Demolished lives: art created from Palestinian ruins

Artist Bisan Abu-Eisheh tells of his exhibition created from the ruins of Palestinian homes in Jerusalem

Poignant: Artist Bisan Abu-Eisheh
Poignant: Artist Bisan Abu-Eisheh

Sophie Gorman

When a house is demolished, the small everyday objects that are left behind in the rubble can speak about the lives that were lived there. So discovered artist Bisan Abu-Eisheh when he started visiting demolition sites in the Palestinian sector of Jerusalem. The house may have been wiped out, but the footprint of lives determinedly lived on.

"This came out of an examination of how much we have lost in my country," he says. "The project started as a school project in 2008, when I was still a student in Palestine, and I started to research the idea of disappearance and how destruction can be used to create something else.

"I didn't know what would emerge, I just started interviewing people who had lost their houses. I met up with lawyers, human rights institutions, trying to gather general information.

"Then one day I was filming and liked the shape of something left behind in the rubble. I took it home with me and instantly developed an obsession with these found objects."

These now form the core of his exhibition at the EVA International 2014 (www.eva.ie). It runs from April 12 in venues around Limerick.

This is the 36th annual Limerick art exhibition and this year it is entitled 'AGITATIONISM' and features works by 56 Irish and international artists, selected from over 2,000 proposals by artists in 96 countries.

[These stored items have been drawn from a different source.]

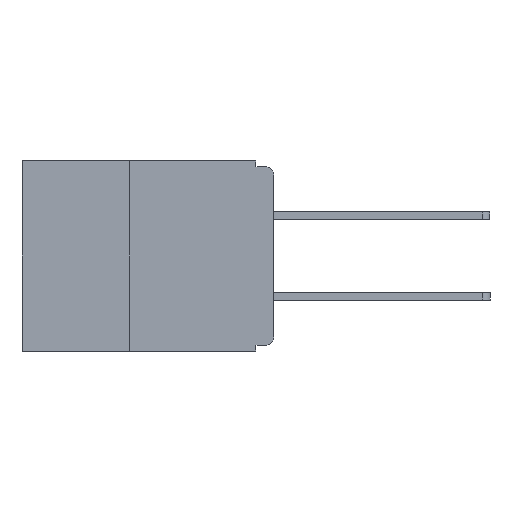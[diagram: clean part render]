
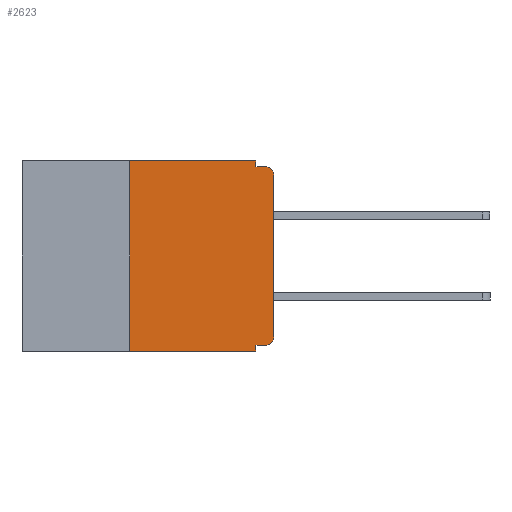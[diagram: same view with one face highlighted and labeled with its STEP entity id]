
A CAD part, left-side view. The second image highlights one B-rep face of the part: STEP entity #2623.
In plain terms, the highlighted planar face has unit normal (-1, 0, 0).
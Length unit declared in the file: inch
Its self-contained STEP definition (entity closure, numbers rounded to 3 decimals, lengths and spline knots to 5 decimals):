
#545 = CARTESIAN_POINT ( 'NONE',  ( 0., 0.437, 0. ) ) ;
#636 = VERTEX_POINT ( 'NONE', #15446 ) ;
#953 = DIRECTION ( 'NONE',  ( 0., 0., -1. ) ) ;
#1400 = VERTEX_POINT ( 'NONE', #17170 ) ;
#1561 = EDGE_CURVE ( 'NONE', #21767, #1400, #27020, .T. ) ;
#2623 = ADVANCED_FACE ( 'NONE', ( #17796 ), #20670, .F. ) ;
#3244 = CARTESIAN_POINT ( 'NONE',  ( 0., 0.015, -0.025 ) ) ;
#3368 = ORIENTED_EDGE ( 'NONE', *, *, #25880, .T. ) ;
#3547 = ORIENTED_EDGE ( 'NONE', *, *, #17098, .T. ) ;
#4321 = CARTESIAN_POINT ( 'NONE',  ( 0., 0., -0.305 ) ) ;
#4398 = EDGE_CURVE ( 'NONE', #4719, #5826, #20833, .T. ) ;
#4408 = CARTESIAN_POINT ( 'NONE',  ( 0., 0.031, -0.33 ) ) ;
#4553 = ORIENTED_EDGE ( 'NONE', *, *, #1561, .F. ) ;
#4719 = VERTEX_POINT ( 'NONE', #6846 ) ;
#4759 = VECTOR ( 'NONE', #18359, 39.37008 ) ;
#4828 = VERTEX_POINT ( 'NONE', #4321 ) ;
#5366 = VECTOR ( 'NONE', #25713, 39.37008 ) ;
#5438 = AXIS2_PLACEMENT_3D ( 'NONE', #3244, #18769, #5526 ) ;
#5526 = DIRECTION ( 'NONE',  ( 0., 0., -1. ) ) ;
#5826 = VERTEX_POINT ( 'NONE', #27676 ) ;
#5828 = CARTESIAN_POINT ( 'NONE',  ( 0., 0.031, 0. ) ) ;
#6182 = ORIENTED_EDGE ( 'NONE', *, *, #13295, .F. ) ;
#6460 = ORIENTED_EDGE ( 'NONE', *, *, #18199, .F. ) ;
#6846 = CARTESIAN_POINT ( 'NONE',  ( 0., 0.015, -0.32 ) ) ;
#7094 = VECTOR ( 'NONE', #26791, 39.37008 ) ;
#7182 = CIRCLE ( 'NONE', #5438, 0.015 ) ;
#7248 = ORIENTED_EDGE ( 'NONE', *, *, #21072, .F. ) ;
#7759 = AXIS2_PLACEMENT_3D ( 'NONE', #27431, #14428, #953 ) ;
#9002 = CARTESIAN_POINT ( 'NONE',  ( 0., 0., 0. ) ) ;
#9535 = CARTESIAN_POINT ( 'NONE',  ( 0., 0.25, -0.33 ) ) ;
#9825 = LINE ( 'NONE', #545, #26571 ) ;
#10516 = ORIENTED_EDGE ( 'NONE', *, *, #27254, .T. ) ;
#10630 = VECTOR ( 'NONE', #24338, 39.37008 ) ;
#10677 = LINE ( 'NONE', #9535, #4759 ) ;
#10727 = CARTESIAN_POINT ( 'NONE',  ( 0., 0.25, -0.33 ) ) ;
#11176 = ORIENTED_EDGE ( 'NONE', *, *, #26256, .F. ) ;
#11328 = LINE ( 'NONE', #9002, #10630 ) ;
#11526 = DIRECTION ( 'NONE',  ( 0., 0., -1. ) ) ;
#11901 = DIRECTION ( 'NONE',  ( 0., -1., 0. ) ) ;
#12984 = LINE ( 'NONE', #15946, #7094 ) ;
#13295 = EDGE_CURVE ( 'NONE', #22733, #21767, #26901, .T. ) ;
#14330 = CIRCLE ( 'NONE', #7759, 0.015 ) ;
#14428 = DIRECTION ( 'NONE',  ( -1., 0., 0. ) ) ;
#14857 = AXIS2_PLACEMENT_3D ( 'NONE', #27018, #24132, #11526 ) ;
#15446 = CARTESIAN_POINT ( 'NONE',  ( 0., 0.25, 0. ) ) ;
#15466 = VECTOR ( 'NONE', #17059, 39.37008 ) ;
#15946 = CARTESIAN_POINT ( 'NONE',  ( 0., 0.437, -0.33 ) ) ;
#16004 = VECTOR ( 'NONE', #25383, 39.37008 ) ;
#16006 = ORIENTED_EDGE ( 'NONE', *, *, #4398, .F. ) ;
#16344 = DIRECTION ( 'NONE',  ( 0., 1., 0. ) ) ;
#16817 = CARTESIAN_POINT ( 'NONE',  ( 0., 0., -0.32 ) ) ;
#17059 = DIRECTION ( 'NONE',  ( 0., -1., 0. ) ) ;
#17098 = EDGE_CURVE ( 'NONE', #18479, #1400, #7182, .T. ) ;
#17170 = CARTESIAN_POINT ( 'NONE',  ( 0., 0.015, -0.01 ) ) ;
#17225 = ORIENTED_EDGE ( 'NONE', *, *, #18268, .T. ) ;
#17722 = EDGE_LOOP ( 'NONE', ( #3368, #3547, #4553, #6182, #6460, #7248, #10516, #11176, #16006, #17225 ) ) ;
#17796 = FACE_OUTER_BOUND ( 'NONE', #17722, .T. ) ;
#18069 = VERTEX_POINT ( 'NONE', #4408 ) ;
#18199 = EDGE_CURVE ( 'NONE', #636, #22733, #9825, .T. ) ;
#18268 = EDGE_CURVE ( 'NONE', #4719, #4828, #14330, .T. ) ;
#18359 = DIRECTION ( 'NONE',  ( 0., 0., 1. ) ) ;
#18479 = VERTEX_POINT ( 'NONE', #23885 ) ;
#18769 = DIRECTION ( 'NONE',  ( -1., 0., 0. ) ) ;
#18822 = CARTESIAN_POINT ( 'NONE',  ( 0., 0.031, 0. ) ) ;
#20670 = PLANE ( 'NONE',  #14857 ) ;
#20833 = LINE ( 'NONE', #16817, #25919 ) ;
#21072 = EDGE_CURVE ( 'NONE', #22206, #636, #10677, .T. ) ;
#21346 = CARTESIAN_POINT ( 'NONE',  ( 0., 0., -0.01 ) ) ;
#21767 = VERTEX_POINT ( 'NONE', #23425 ) ;
#22206 = VERTEX_POINT ( 'NONE', #10727 ) ;
#22733 = VERTEX_POINT ( 'NONE', #5828 ) ;
#22981 = LINE ( 'NONE', #23574, #5366 ) ;
#23425 = CARTESIAN_POINT ( 'NONE',  ( 0., 0.031, -0.01 ) ) ;
#23574 = CARTESIAN_POINT ( 'NONE',  ( 0., 0.031, -0.33 ) ) ;
#23885 = CARTESIAN_POINT ( 'NONE',  ( 0., 0., -0.025 ) ) ;
#24132 = DIRECTION ( 'NONE',  ( 1., 0., 0. ) ) ;
#24338 = DIRECTION ( 'NONE',  ( 0., 0., 1. ) ) ;
#25383 = DIRECTION ( 'NONE',  ( 0., 0., -1. ) ) ;
#25713 = DIRECTION ( 'NONE',  ( 0., 0., -1. ) ) ;
#25880 = EDGE_CURVE ( 'NONE', #4828, #18479, #11328, .T. ) ;
#25919 = VECTOR ( 'NONE', #16344, 39.37008 ) ;
#26256 = EDGE_CURVE ( 'NONE', #5826, #18069, #22981, .T. ) ;
#26571 = VECTOR ( 'NONE', #11901, 39.37008 ) ;
#26791 = DIRECTION ( 'NONE',  ( 0., -1., 0. ) ) ;
#26901 = LINE ( 'NONE', #18822, #16004 ) ;
#27018 = CARTESIAN_POINT ( 'NONE',  ( 0., 0.437, 0. ) ) ;
#27020 = LINE ( 'NONE', #21346, #15466 ) ;
#27254 = EDGE_CURVE ( 'NONE', #22206, #18069, #12984, .T. ) ;
#27431 = CARTESIAN_POINT ( 'NONE',  ( 0., 0.015, -0.305 ) ) ;
#27676 = CARTESIAN_POINT ( 'NONE',  ( 0., 0.031, -0.32 ) ) ;

Bisan will be exhibiting in the prestigious Hunt Museum. It has already been shown in Istanbul and Reine.

Says Bisan: "I would go to different demolished sites and talk to the people who had lived there and then take something back which they had left behind – with their knowledge of course. Well, most of the time.

"But I had information such as the date of destruction and details about who had lived there, the number of people displaced. It became quite forensic."

Did he have issues about taking these possessions, any ethical rumblings?

"Not really, the people who I did manage to contact were happy to have the things that they had left behind out there, so that their cause was being highlighted, the destruction they had endured made public. I wasn't taking things people wanted."

"This is all connected with the Palestinian people who are living in Jerusalem. This is not about houses that are being demolished by missiles in Gaza or by tanks in the West Bank.

''These are houses that have been demolished systematically according to a plan in order to reduce the number of Palestinians in Jerusalem.

"Some people are given notice before their houses are demolished but many of them aren't and they are just able to get out with what they can carry," Bisan says.

"And the inhumanity is furthered by the fact that after they demolish your house, it is your responsibility to clean up. So I have just been taking the leftovers.

"My intention was very clear when I started working on this project. There is no single detail in my work about who is demolishing these houses, or even why they are demolishing these houses, no images of tanks. The question I am asking is simply why does someone have to lose their home?"

"The response I find from everyone, regardless of where they are from, is sadness.

"The objects are the kind of thing that you have in your own house, domestic things, when you see a fork or something to do with a child this takes you to your own house and makes you sad for what is happening to other people. There is a layer behind the work that people connect with, this sense of loss of living."

Bisan now lives between London and Jerusalem and this relatively recent bi-location has affected his view of his work.

"For a very long time, I have been carrying this stamp of identification of being Palestinian everywhere I go. It was unconscious but everything seemed to be about Palestine. It's not something I am ashamed of, but my experience of living in London has meant that I have started to universalise my subjects and confront the notions of injustice and discrimination, migration problems in Europe.

'I think my experience in London is making me understand my responsibilities more, both as Palestinian artist, but also as a human being. I am becoming an artist rather than simply a Palestinian artist."

Bisan mainly works in video art, installation and performances.

"I was confused about the notion of performance because I didn't like the thought of a live performance. But then I realised when I was filming myself in my videos. And I developed a live performance in Jerusalem where I was making fake IDs for people.

"I had a desk and people would queue up and I would make new details for them and laminate the ID cards. I did it in the V&A museum in London. Maybe I should have done it in Limerick too."

Brand new identities created in minutes, something many an Irishman would leap at.